# Bought a Short Bus



## ByronMc (Mar 13, 2019)

Got myself a short bus, which needs a lot of work....... still living in the Chevy van & cant wait to have more room!


----------



## Matt Derrick (Mar 13, 2019)

nice, how much did you get it for?


----------



## ByronMc (Mar 13, 2019)

Matt Derrick said:


> nice, how much did you get it for?


$600, guy put a new gas tank & fuel pump & it would start for 30 seconds & die, then start & die again. He gave up! Needs windshield channel rust fixed, new tires, and maybe I’ll have to throw in the 82 g20 engine....... we will see..
Waiting to hear back on the insurance, fingers crossed on that.

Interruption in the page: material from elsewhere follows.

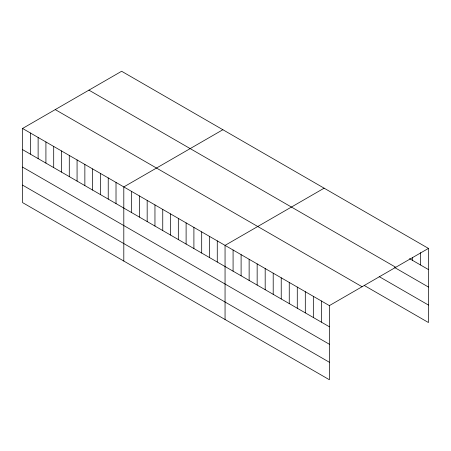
<?xml version="1.0" encoding="UTF-8"?>
<svg xmlns="http://www.w3.org/2000/svg" width="451" height="451" viewBox="0 0 451 451"><rect width="100%" height="100%" fill="white"/><g stroke="black" fill="none" stroke-linecap="round" stroke-linejoin="round"><path stroke-width="0.68" d="M22.55 128.462L329.377 305.609L329.377 379.736L22.55 202.589L22.55 128.462L121.623 71.264L428.45 248.411L428.45 322.538L364.25 285.472M222.873 129.725L123.805 186.923L123.805 261.05M324.128 188.18L225.055 245.378L225.055 319.505M329.377 305.609L428.45 248.411M409.536 258.649L428.45 269.568M88.926 90.138L395.758 267.285M394.631 267.522L428.45 287.05M379.156 276.598L428.45 305.056M55.242 109.587L362.074 286.735M22.55 149.619L329.377 326.766M22.55 167.101L329.377 344.248M22.55 185.107L329.377 362.254M420.428 252.65L420.428 264.934M412.4 257.572L412.4 260.3M321.354 300.975L321.354 322.132M313.332 296.341L313.332 317.498M305.304 291.707L305.304 312.864M297.282 287.078L297.282 308.236M289.254 282.444L289.254 303.602M281.232 277.81L281.232 298.968M273.205 273.176L273.205 294.334M265.182 268.542L265.182 289.7M257.155 263.908L257.155 285.066M249.132 259.28L249.132 280.437M241.105 254.646L241.105 275.803M233.082 250.012L233.082 271.169M217.269 240.885L217.269 262.042M209.478 236.386L209.478 257.544M201.693 231.887L201.693 253.045M193.902 227.394L193.902 248.552M186.111 222.895L186.111 244.053M178.325 218.397L178.325 239.554M170.534 213.904L170.534 235.061M162.749 209.405L162.749 230.562M154.958 204.906L154.958 226.064M147.173 200.413L147.173 221.571M139.382 195.914L139.382 217.072M131.591 191.416L131.591 212.573M116.014 182.424L116.014 203.581M108.229 177.925L108.229 199.083M100.438 173.432L100.438 194.59M92.647 168.933L92.647 190.091M84.861 164.435L84.861 185.592M77.07 159.942L77.07 181.099M69.285 155.443L69.285 176.6M61.494 150.944L61.494 172.102M53.703 146.451L53.703 167.609M45.917 141.952L45.917 163.11M38.126 137.454L38.126 158.611M30.341 132.96L30.341 154.118"/></g></svg>
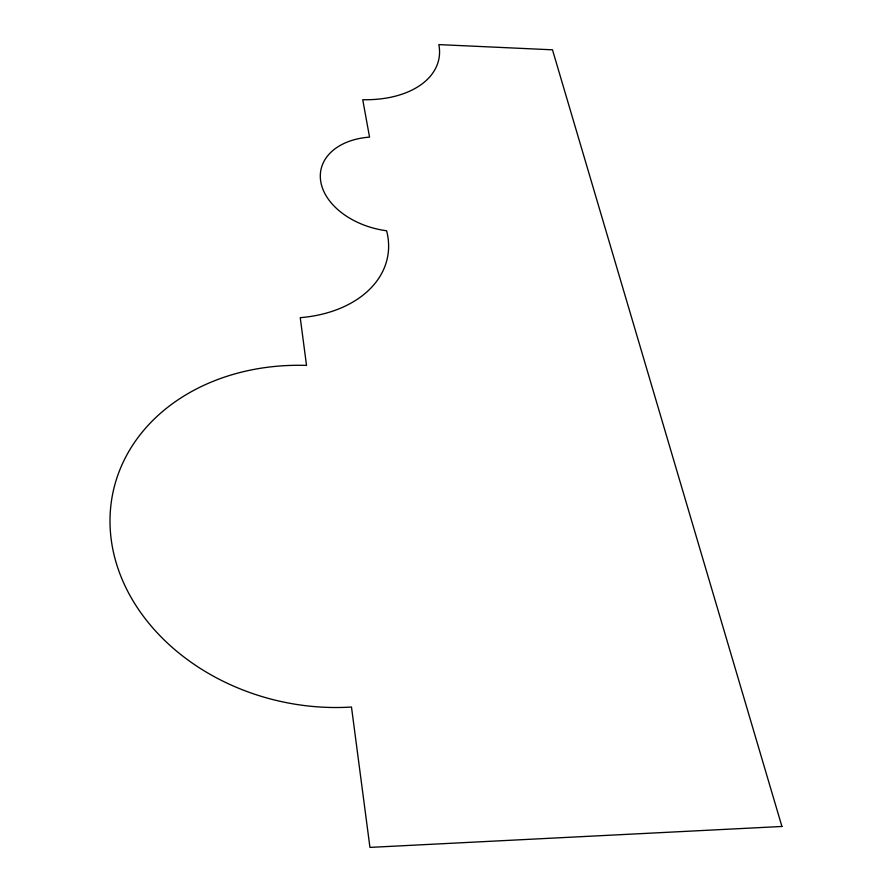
<?xml version="1.0" encoding="UTF-8"?>
<svg xmlns="http://www.w3.org/2000/svg" width="892" height="892" viewBox="0 0 892 892"><rect width="100%" height="100%" fill="white"/><g stroke="black" fill="none" stroke-linecap="round" stroke-linejoin="round"><path stroke-width="1.34" d="M781.927 826.471L369.946 847.4L351.481 707.022A208.929 169.023 12.5 0 1 111.221 539.582A208.929 169.023 12.5 0 1 306.525 365.408L300.236 317.663A115.28 80.592 9.6 0 0 386.593 230.772A68.394 46.049 12.7 0 1 320.852 182.135A68.394 46.049 12.7 0 1 369.544 137.123L362.732 99.703A91.753 57.021 11.3 0 0 438.842 44.6L552.482 49.818L781.927 826.471"/></g></svg>

Since it’s still a school bus, but with the seats taken out yesterday, they may insure it as a transfer to rv.


----------



## Matt Derrick (Mar 13, 2019)

GMAC has been known to insure school bus conversions. for the bus i had, i ended up going through a company called poliseek, which was just a reseller for GMAC. if GMAC denies you directly, try poliseek, or just keep calling until you get a rep at GMAC that will say yes.


----------



## Tude (Mar 13, 2019)

awesome - congrats!!!! heh and now for the hardwork - but wonderful outcomes!


----------



## ByronMc (Mar 15, 2019)

Tude said:


> awesome - congrats!!!! heh and now for the hardwork - but wonderful outcomes!


Oh yeah, I’ve bitten off a lot, & am going at it, slowly. Did go to the junkyard today & got a spare rim with bald tire, so when I go over to Maryland, I’ll have the spare to replace the two flats on the rear passenger side! Bring the flats back to Richmond & get used tires, if needed. 
Waiting on the insurance agent to tell me if I can insure it like it is..........


----------



## ByronMc (Mar 15, 2019)

Matt Derrick said:


> GMAC has been known to insure school bus conversions. for the bus i had, i ended up going through a company called poliseek, which was just a reseller for GMAC. if GMAC denies you directly, try poliseek, or just keep calling until you get a rep at GMAC that will say yes.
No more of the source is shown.